В заключение темы следует отметить, что научные школы французских гуманистов и испанских вторых схоластов завершают период средневекового развития договорной доктрины ius commune со свойственными ей приверженностью авторитетам, ограниченностью круга изучаемых источников, опорой на формальную логику, а также ведущей ролью научной доктрины в формировании институтов частного права. В то же время научное наследие правоведов XVI в. богато идеями, способствовавшими оформлению общего учения о гражданско-правовом договоре и формированию общей части договорного права.
Речь идет прежде всего о развитии правовой методологии, целенаправленном упорядочении норм договорного права в институты и систематизации договорного права на основе идей высшего порядка. Идеалы естественного права, справедливость, верность данному обещанию, равноценность обмена и многие другие получили дальнейшее развитие в договорных теориях Нового времени.
1. Охарактеризуйте основные идеологические течения в Западной Европе XVI в., повлиявшие на развитие юриспруденции.
2. Чем обусловлено появление школы французских правоведов-гуманистов?
3. В чем принципиальное отличие подходов комментаторов XIV в. и гуманистов XVI в. к разработке теории цивильного права?
4. Как повлияла Реформация на ius commune?
5. Каковы причины появления школы «современного использования Пандект»?
6. Поясните роль испанской второй схоластики в обновлении правовой теории ius commune.
7. Сопоставьте понятие договора в доктрине комментаторов XIV в. с воззрениями французских гуманистов и испанских вторых схоластов.
8. Получил ли признание принцип pacta sunt servanda в доктрине французских гуманистов и испанских вторых схоластов?
9. Какую роль сыграла философия Аристотеля и Фомы Аквинского в разработке института договора в XVI в.?
Нечаев В. М. Современное римское право // Энциклопедический словарь Брокгауза и Ефрона. Т. 30. СПб., 1900.
Полдников Д. Ю. Договорные теории классического ius commune (XIII–XVI вв.). М.: Академия, 2011.
Стоянов А. Методы разработки положительного права и общественное значение юристов от глоссаторов до конца XVIII столетия. Харьков, 1862.
Шмонин Д. В. В тени Ренессанса: вторая схоластика в Испании. СПб.: Изд-во СПб. ун-та, 2006.
Berman H. J. Law and Revolution II. The Impact of the Protestant Reformations on the Western Legal Tradition. Cambridge, Mass.: Belknap Press of Harvard University Press, 2003.
Coing H. Bartolus und der Usus modernus Pandectarum in Deutschland // Bartolo da Sassoferrato. Studi e documenti per il VI centenario. Milano, 1962. Vol. 1. P. 23–46.

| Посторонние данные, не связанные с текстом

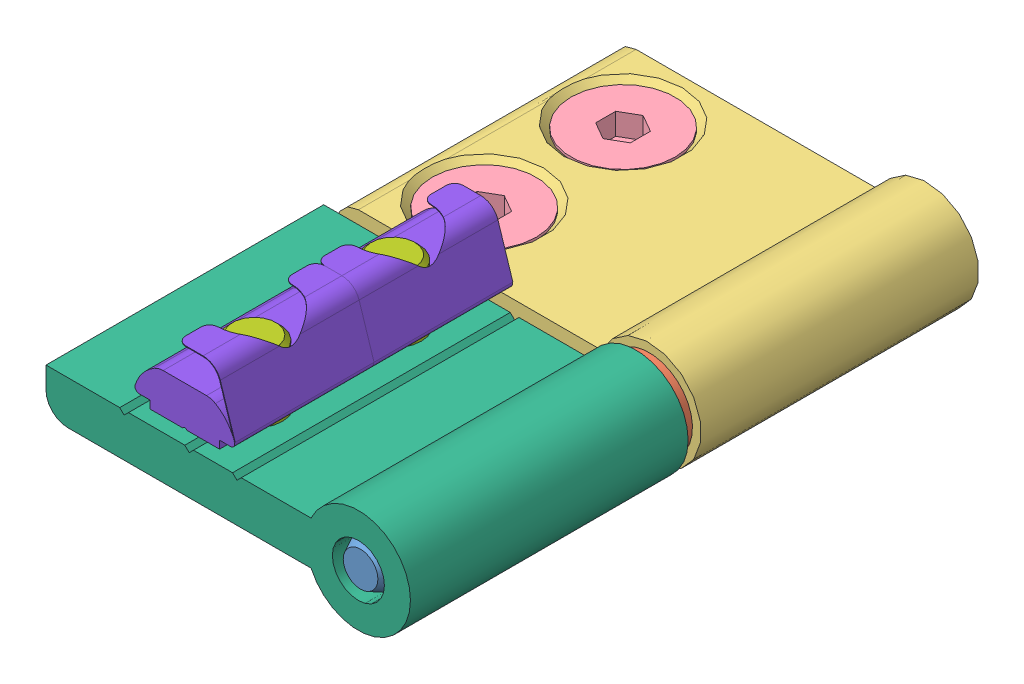
SolidWorks assembly 21.1377 HINGE L 30_45 RIGHT HAND, configuration Default. Lengths in mm.
Overall size (42.08 26.47 65.5).
12 component instances, 8 part files, 24 mates.
Components (placement in the parent):
- 21.1922_2 HINGE PIN 6.15x65-1: 21.1922_2 HINGE PIN 6.15x65 [Default] at origin size (6.07 6.07 65)
- 21.1971 HINGE WASHER-1: 21.1971 HINGE WASHER [Default] at (0 0 31.75) x (0.969126 0.246564 0) z (0 0 1) size (10 10 1.5)
- 21.1378_1 HINGE L 45 AL BLOCK-1: 21.1378_1 HINGE L 45 AL BLOCK [Default] at (0 0 15.75) x (-1 0 0) z (0 0 -1) size (42 12 32)
- 21.1506 M6x16 C'SUNK-1: 21.1506 M6x16 C'SUNK [Default] at (-27 2 23.75) x (1 0 0) z (0 1 0) size (12 12 16)
- 21.1506 M6x16 C'SUNK-2: 21.1506 M6x16 C'SUNK [Default] at (-27 2 7.75) x (1 0 0) z (0 1 0) size (12 12 16)
- 21.1330 M6 SQUARE NUT-1: 21.1330 M6 SQUARE NUT [Default] at (-27 -7 23.75) x (1 0 0) z (0 1 0) size (13 13 5.5)
- 21.1330 M6 SQUARE NUT-2: 21.1330 M6 SQUARE NUT [Default] at (-27 -7 7.75) x (1 0 0) z (0 1 0) size (13 13 5.5)
- 21.1376_1 HINGE 30 L AL BLOCK-1: 21.1376_1 HINGE 30 L AL BLOCK [Default] at (0 0 49.25) x (-1 0 0) z (0 0 1) size (42 12 32)
- 21.1518 M6X12 CSUNK-1: 21.1518 M6X12 CSUNK [Default] at (-20 -2.5 57.25) x (0.907596 0 0.419844) z (0 -1 0) size (12 12 12)
- 21.1518 M6X12 CSUNK-2: 21.1518 M6X12 CSUNK [Default] at (-20 -2.5 41.25) x (0.965656 0 0.259823) z (0 -1 0) size (12 12 12)
- 21.1569 M6 SQUARE NUT 30 POS FXG-1: 21.1569 M6 SQUARE NUT 30 POS FXG [Default] at (-20 4.1 57.25) x (-1 0 0) z (0 0 1) size (11.55 8.37 16)
- 21.1569 M6 SQUARE NUT 30 POS FXG-2: 21.1569 M6 SQUARE NUT 30 POS FXG [Default] at (-20 4.1 41.25) x (-1 0 0) z (0 0 1) size (11.55 8.37 16)
Mates (geometry in assembly coordinates):
- Coincident1: coincident aligned: axis of 21.1922_2 HINGE PIN 6.15x65-1; axis of 21.1971 HINGE WASHER-1
- Coincident2: coincident aligned: axis of 21.1378_1 HINGE L 45 AL BLOCK-1; axis of 21.1922_2 HINGE PIN 6.15x65-1
- Distance1: distance = 0.25 mm aligned: plane of 21.1922_2 HINGE PIN 6.15x65-1 through (0 0 0) normal (0 0 -1); plane of 21.1378_1 HINGE L 45 AL BLOCK-1 through (-14.3887 -0.0537 -0.25) normal (0 0 -1)
- Coincident5: coincident anti-aligned: plane of 21.1971 HINGE WASHER-1 through (0 0 31.75) normal (0 0 -1); plane of 21.1378_1 HINGE L 45 AL BLOCK-1 through (-14.3887 -0.0537 31.75) normal (0 0 1)
- Coincident7: coincident aligned: axis of 21.1506 M6x16 C'SUNK-2; axis of 21.1378_1 HINGE L 45 AL BLOCK-1
- Coincident8: coincident aligned: axis of 21.1506 M6x16 C'SUNK-1; axis of 21.1378_1 HINGE L 45 AL BLOCK-1
- Coincident11: coincident aligned: plane of 21.1506 M6x16 C'SUNK-1 through (-24 2 23.75) normal (0 1 0); plane of 21.1506 M6x16 C'SUNK-2 through (-24 2 7.75) normal (0 1 0)
- Distance2: distance = 0.5 mm aligned: plane of 21.1506 M6x16 C'SUNK-2 through (-24 2 7.75) normal (0 1 0); plane of 21.1378_1 HINGE L 45 AL BLOCK-1 through (-33.5 2.5 15.75) normal (0 1 0)
- Coincident19: coincident aligned: axis of 21.1330 M6 SQUARE NUT-2; axis of 21.1506 M6x16 C'SUNK-2
- Coincident20: coincident aligned: axis of 21.1506 M6x16 C'SUNK-1; axis of 21.1330 M6 SQUARE NUT-1
- Distance5: distance = 4.5 mm anti-aligned: plane of 21.1330 M6 SQUARE NUT-2 through (-27 -7 7.75) normal (0 1 0); plane of 21.1378_1 HINGE L 45 AL BLOCK-1 through (-27.5 -2.5 15.75) normal (0 -1 0)
- Coincident22: coincident aligned: plane of 21.1330 M6 SQUARE NUT-1 through (-27 -7 23.75) normal (0 1 0); plane of 21.1330 M6 SQUARE NUT-2 through (-27 -7 7.75) normal (0 1 0)
- Coincident23: coincident anti-aligned: axis of 21.1922_2 HINGE PIN 6.15x65-1; axis of 21.1376_1 HINGE 30 L AL BLOCK-1
- Coincident24: coincident anti-aligned: plane of 21.1971 HINGE WASHER-1 through (0 0 33.25) normal (0 0 1); plane of 21.1376_1 HINGE 30 L AL BLOCK-1 through (-14.3887 0.0537 33.25) normal (0 0 -1)
- Coincident25: coincident aligned: axis of 21.1518 M6X12 CSUNK-1; axis of 21.1376_1 HINGE 30 L AL BLOCK-1
- Coincident26: coincident aligned: axis of 21.1518 M6X12 CSUNK-2; axis of 21.1376_1 HINGE 30 L AL BLOCK-1
- Coincident27: coincident aligned: plane of 21.1376_1 HINGE 30 L AL BLOCK-1 through (-33.5 -2.5 49.25) normal (0 -1 0); plane of 21.1518 M6X12 CSUNK-1 through (-17.2772 -2.5 58.5095) normal (0 -1 0)
- Coincident28: coincident aligned: plane of 21.1376_1 HINGE 30 L AL BLOCK-1 through (-33.5 -2.5 49.25) normal (0 -1 0); plane of 21.1518 M6X12 CSUNK-2 through (-17.103 -2.5 42.0295) normal (0 -1 0)
- Coincident29: coincident anti-aligned: axis of 21.1569 M6 SQUARE NUT 30 POS FXG-1; axis of 21.1518 M6X12 CSUNK-1
- Coincident30: coincident anti-aligned: axis of 21.1518 M6X12 CSUNK-2; axis of 21.1569 M6 SQUARE NUT 30 POS FXG-2
- Distance6: distance = 2.5 mm anti-aligned: plane of 21.1569 M6 SQUARE NUT 30 POS FXG-1 through (-14.75 5 57.25) normal (0 -1 0); plane of 21.1376_1 HINGE 30 L AL BLOCK-1 through (-5.4544 2.5 49.25) normal (0 1 0)
- Distance7: distance = 2.5 mm anti-aligned: plane of 21.1376_1 HINGE 30 L AL BLOCK-1 through (-5.4544 2.5 49.25) normal (0 1 0); plane of 21.1569 M6 SQUARE NUT 30 POS FXG-2 through (-14.75 5 41.25) normal (0 -1 0)
- Angle1: planar angle = 0 rad aligned: plane of 21.1569 M6 SQUARE NUT 30 POS FXG-1 through (-20 6.2007 65.25) normal (0 0 1); plane of 21.1376_1 HINGE 30 L AL BLOCK-1 through (-14.3887 0.0537 65.25) normal (0 0 1)
- Angle2: planar angle = 0 rad aligned: plane of 21.1569 M6 SQUARE NUT 30 POS FXG-2 through (-20 6.2007 49.25) normal (0 0 1); plane of 21.1376_1 HINGE 30 L AL BLOCK-1 through (-14.3887 0.0537 65.25) normal (0 0 1)

Heine J.-F. Zur Methode in Benedikt Carpzovs zivilrechtlichen Werken // Zeitschrift der Savigny-Stiftung fur Rechtsgeschichte. Romanistische Abteilung. 1965. Nr. 82. S. 227–301.
Schroder J. Recht als Wissenschaft. Geschichte der juristischen Methode vom Humanismus bis zur historischen Schule (1500–1850). München: Beck, 2001.
SeuffertL. Zur Geschichte der obligatorischen Vertäge. Nördlingen, 1881.
Söllner A. Zu den Literaturtypen des deutschen Usus modernus // Ius commune. 1969. Nr. 2. S. 167–186.
Watson A. Evolution of Western Private Law (Expanded Edition). Baltimore: Johns Hopkins University Press, 2001. Ch. 10.
Witte J. Law and Protestantism: The Legal Teachings of the Lutheran Reformation. Cambridge; N.Y.: Cambridge University Press, 2002.
Глава 5. Договор в правовой науке XVII в.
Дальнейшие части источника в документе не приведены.